One last attention has to paid to the sequel and prequels of the target movie. Many blockbusters have sequels that share the same director, actors and keywords, and so on. However, most of the time, the fact that sequels exist means that it was a “fair” box-office success, which is a synonym of a good IMDb score and similar popularity. Usually, there’s an inheritance of success among sequels and according to how the current recommendation system is built, it is quite probable that if the engine matches one movie of a series, it will end recommending several of them. To overcome this drawback, a movie whose title is too similar to the title of the movie t are discarded. For example, “Pirates of the Caribbean: Dead Man’s Chest” and “Pirates of the Caribbean: The Curse of the Black Pearl” have a very similar title, thus the system would recognize one of them to be the sequel of the other. Finally, table 3 shows some recommendation results for the movies “Avatar” and “I Robot”.

### Reviews classification

To make the website more interesting, movie reviews have been labeled with a pretrained model Bert into 2 categories: positive and negative.

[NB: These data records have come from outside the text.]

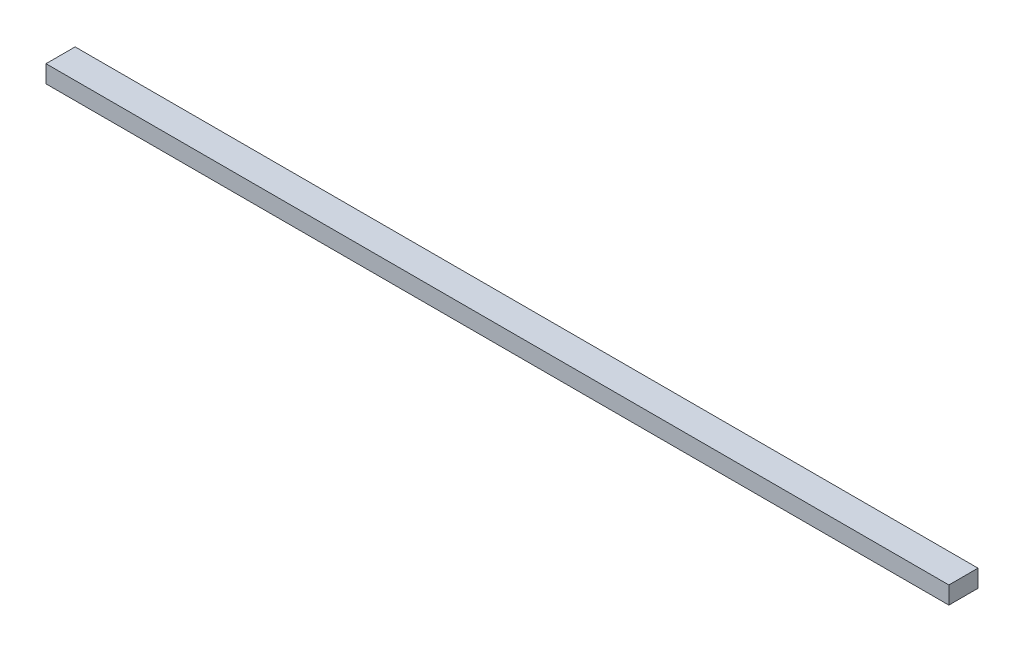
ISO-10303-21;
HEADER;
FILE_DESCRIPTION(('STEP AP214'),'2;1');
FILE_NAME('part.step','',(''),(''),'','','');
FILE_SCHEMA(('AUTOMOTIVE_DESIGN { 1 0 10303 214 1 1 1 1 }'));
ENDSEC;
DATA;
#1=APPLICATION_CONTEXT('core data for automotive mechanical design processes');
#2=APPLICATION_PROTOCOL_DEFINITION('international standard','automotive_design',2000,#1);
#3=PRODUCT_CONTEXT('',#1,'mechanical');
#4=PRODUCT('Part','Part','',(#3));
#5=PRODUCT_RELATED_PRODUCT_CATEGORY('part','',(#4));
#6=PRODUCT_DEFINITION_FORMATION('','',#4);
#7=PRODUCT_DEFINITION_CONTEXT('part definition',#1,'design');
#8=PRODUCT_DEFINITION('design','',#6,#7);
#9=PRODUCT_DEFINITION_SHAPE('','',#8);
#10=(LENGTH_UNIT() NAMED_UNIT(*) SI_UNIT(.MILLI.,.METRE.));
#11=(NAMED_UNIT(*) PLANE_ANGLE_UNIT() SI_UNIT($,.RADIAN.));
#12=(NAMED_UNIT(*) SI_UNIT($,.STERADIAN.) SOLID_ANGLE_UNIT());
#13=UNCERTAINTY_MEASURE_WITH_UNIT(LENGTH_MEASURE(1.E-05),#10,'distance_accuracy_value','');
#14=(GEOMETRIC_REPRESENTATION_CONTEXT(3) GLOBAL_UNCERTAINTY_ASSIGNED_CONTEXT((#13)) GLOBAL_UNIT_ASSIGNED_CONTEXT((#10,
#11,#12)) REPRESENTATION_CONTEXT('',''));
#15=CARTESIAN_POINT('',(0.,0.,0.));
#16=DIRECTION('',(0.,0.,1.));
#17=DIRECTION('',(1.,0.,0.));
#18=AXIS2_PLACEMENT_3D('',#15,#16,#17);
#19=CARTESIAN_POINT('',(77.5,3.,2.5));
#20=DIRECTION('',(-1.,0.,0.));
#21=DIRECTION('',(0.,0.,1.));
#22=AXIS2_PLACEMENT_3D('',#19,#20,#21);
#23=PLANE('',#22);
#24=DIRECTION('',(0.,0.,-1.));
#25=VECTOR('',#24,1.);
#26=CARTESIAN_POINT('',(77.5,0.,2.5));
#27=LINE('',#26,#25);
#28=CARTESIAN_POINT('',(77.5,0.,2.5));
#29=VERTEX_POINT('',#28);
#30=CARTESIAN_POINT('',(77.5,0.,-2.5));
#31=VERTEX_POINT('',#30);
#32=EDGE_CURVE('E94',#29,#31,#27,.T.);
#33=ORIENTED_EDGE('',*,*,#32,.T.);
#34=DIRECTION('',(0.,-1.,0.));
#35=VECTOR('',#34,1.);
#36=CARTESIAN_POINT('',(77.5,3.,-2.5));
#37=LINE('',#36,#35);
#38=CARTESIAN_POINT('',(77.5,3.,-2.5));
#39=VERTEX_POINT('',#38);
#40=EDGE_CURVE('E11',#39,#31,#37,.T.);
#41=ORIENTED_EDGE('',*,*,#40,.F.);
#42=DIRECTION('',(0.,0.,-1.));
#43=VECTOR('',#42,1.);
#44=CARTESIAN_POINT('',(77.5,3.,2.5));
#45=LINE('',#44,#43);
#46=CARTESIAN_POINT('',(77.5,3.,2.5));
#47=VERTEX_POINT('',#46);
#48=EDGE_CURVE('E82',#47,#39,#45,.T.);
#49=ORIENTED_EDGE('',*,*,#48,.F.);
#50=DIRECTION('',(0.,-1.,0.));
#51=VECTOR('',#50,1.);
#52=CARTESIAN_POINT('',(77.5,3.,2.5));
#53=LINE('',#52,#51);
#54=EDGE_CURVE('E90',#47,#29,#53,.T.);
#55=ORIENTED_EDGE('',*,*,#54,.T.);
#56=EDGE_LOOP('',(#33,#41,#49,#55));
#57=FACE_BOUND('',#56,.T.);
#58=ADVANCED_FACE('F31',(#57),#23,.F.);
#59=CARTESIAN_POINT('',(-77.5,3.,-2.5));
#60=DIRECTION('',(0.,0.,1.));
#61=DIRECTION('',(1.,0.,0.));
#62=AXIS2_PLACEMENT_3D('',#59,#60,#61);
#63=PLANE('',#62);
#64=DIRECTION('',(-1.,0.,0.));
#65=VECTOR('',#64,1.);
#66=CARTESIAN_POINT('',(-77.5,0.,-2.5));
#67=LINE('',#66,#65);
#68=CARTESIAN_POINT('',(-77.5,0.,-2.5));
#69=VERTEX_POINT('',#68);
#70=EDGE_CURVE('E86',#31,#69,#67,.T.);
#71=ORIENTED_EDGE('',*,*,#70,.T.);
#72=DIRECTION('',(0.,-1.,0.));
#73=VECTOR('',#72,1.);
#74=CARTESIAN_POINT('',(-77.5,3.,-2.5));
#75=LINE('',#74,#73);
#76=CARTESIAN_POINT('',(-77.5,3.,-2.5));
#77=VERTEX_POINT('',#76);
#78=EDGE_CURVE('E39',#77,#69,#75,.T.);
#79=ORIENTED_EDGE('',*,*,#78,.F.);
#80=DIRECTION('',(-1.,0.,0.));
#81=VECTOR('',#80,1.);
#82=CARTESIAN_POINT('',(-77.5,3.,-2.5));
#83=LINE('',#82,#81);
#84=EDGE_CURVE('E77',#39,#77,#83,.T.);
#85=ORIENTED_EDGE('',*,*,#84,.F.);
#86=ORIENTED_EDGE('',*,*,#40,.T.);
#87=EDGE_LOOP('',(#71,#79,#85,#86));
#88=FACE_BOUND('',#87,.T.);
#89=ADVANCED_FACE('F85',(#88),#63,.F.);
#90=CARTESIAN_POINT('',(-77.5,3.,2.5));
#91=DIRECTION('',(1.,0.,0.));
#92=DIRECTION('',(0.,0.,-1.));
#93=AXIS2_PLACEMENT_3D('',#90,#91,#92);
#94=PLANE('',#93);
#95=DIRECTION('',(0.,0.,1.));
#96=VECTOR('',#95,1.);
#97=CARTESIAN_POINT('',(-77.5,0.,2.5));
#98=LINE('',#97,#96);
#99=CARTESIAN_POINT('',(-77.5,0.,2.5));
#100=VERTEX_POINT('',#99);
#101=EDGE_CURVE('E64',#69,#100,#98,.T.);
#102=ORIENTED_EDGE('',*,*,#101,.T.);
#103=DIRECTION('',(0.,-1.,0.));
#104=VECTOR('',#103,1.);
#105=CARTESIAN_POINT('',(-77.5,3.,2.5));
#106=LINE('',#105,#104);
#107=CARTESIAN_POINT('',(-77.5,3.,2.5));
#108=VERTEX_POINT('',#107);
#109=EDGE_CURVE('E87',#108,#100,#106,.T.);
#110=ORIENTED_EDGE('',*,*,#109,.F.);
#111=DIRECTION('',(0.,0.,1.));
#112=VECTOR('',#111,1.);
#113=CARTESIAN_POINT('',(-77.5,3.,2.5));
#114=LINE('',#113,#112);
#115=EDGE_CURVE('E80',#77,#108,#114,.T.);
#116=ORIENTED_EDGE('',*,*,#115,.F.);
#117=ORIENTED_EDGE('',*,*,#78,.T.);
#118=EDGE_LOOP('',(#102,#110,#116,#117));
#119=FACE_BOUND('',#118,.T.);
#120=ADVANCED_FACE('F88',(#119),#94,.F.);
#121=CARTESIAN_POINT('',(-77.5,3.,2.5));
#122=DIRECTION('',(0.,0.,-1.));
#123=DIRECTION('',(-1.,0.,0.));
#124=AXIS2_PLACEMENT_3D('',#121,#122,#123);
#125=PLANE('',#124);
#126=DIRECTION('',(1.,0.,0.));
#127=VECTOR('',#126,1.);
#128=CARTESIAN_POINT('',(-77.5,0.,2.5));
#129=LINE('',#128,#127);
#130=EDGE_CURVE('E70',#100,#29,#129,.T.);
#131=ORIENTED_EDGE('',*,*,#130,.T.);
#132=ORIENTED_EDGE('',*,*,#54,.F.);
#133=DIRECTION('',(1.,0.,0.));
#134=VECTOR('',#133,1.);
#135=CARTESIAN_POINT('',(-77.5,3.,2.5));
#136=LINE('',#135,#134);
#137=EDGE_CURVE('E47',#108,#47,#136,.T.);
#138=ORIENTED_EDGE('',*,*,#137,.F.);
#139=ORIENTED_EDGE('',*,*,#109,.T.);
#140=EDGE_LOOP('',(#131,#132,#138,#139));
#141=FACE_BOUND('',#140,.T.);
#142=ADVANCED_FACE('F101',(#141),#125,.F.);
#143=CARTESIAN_POINT('',(77.5,3.,-2.5));
#144=DIRECTION('',(0.,-1.,0.));
#145=DIRECTION('',(0.,0.,-1.));
#146=AXIS2_PLACEMENT_3D('',#143,#144,#145);
#147=PLANE('',#146);
#148=ORIENTED_EDGE('',*,*,#48,.T.);
#149=ORIENTED_EDGE('',*,*,#84,.T.);
#150=ORIENTED_EDGE('',*,*,#115,.T.);
#151=ORIENTED_EDGE('',*,*,#137,.T.);
#152=EDGE_LOOP('',(#148,#149,#150,#151));
#153=FACE_BOUND('',#152,.T.);
#154=ADVANCED_FACE('F78',(#153),#147,.F.);
#155=CARTESIAN_POINT('',(77.5,0.,-2.5));
#156=DIRECTION('',(0.,-1.,0.));
#157=DIRECTION('',(0.,0.,-1.));
#158=AXIS2_PLACEMENT_3D('',#155,#156,#157);
#159=PLANE('',#158);
#160=ORIENTED_EDGE('',*,*,#32,.F.);
#161=ORIENTED_EDGE('',*,*,#130,.F.);
#162=ORIENTED_EDGE('',*,*,#101,.F.);
#163=ORIENTED_EDGE('',*,*,#70,.F.);
#164=EDGE_LOOP('',(#160,#161,#162,#163));
#165=FACE_BOUND('',#164,.T.);
#166=ADVANCED_FACE('F104',(#165),#159,.T.);
#167=CLOSED_SHELL('',(#58,#89,#120,#142,#154,#166));
#168=MANIFOLD_SOLID_BREP('B2',#167);
#169=ADVANCED_BREP_SHAPE_REPRESENTATION('',(#18,#168),#14);
#170=SHAPE_DEFINITION_REPRESENTATION(#9,#169);
ENDSEC;
END-ISO-10303-21;

The model has been fine-tuned on the IMDb movie review dataset using the 25000 sentences contained in the training set. Next, have been predicted the other 25000 reviews contained in the test set before uploading all of them in the database. However, given the discrepancy between the reviews dataset and the movies dataset, not all movies have some associated reviews. Hence, future work may consist of crawling more reviews such that most movies can have at least one associated review. We believe that the labeled review may reward the user with immediate feedback on how much a specific movie has been appreciated by the public without needing to read all of them.

### Conclusions

The aim of this project was to design and implement a simple but effective content specific search engine. Moreover, we enhanced it with a recommending system and movie reviews classifier in order to provide a better user experience. However, this work could still be extended by crawling more data. In particular, should be crawled that posters and review that are still missing in the present work. Other enhancements could be adding movie trailers, build a login system to allow the user to create its own account, and writing more reviews and modifying the recommendation system such that recommendation would not be based only on the content of the movies but also on user interactions.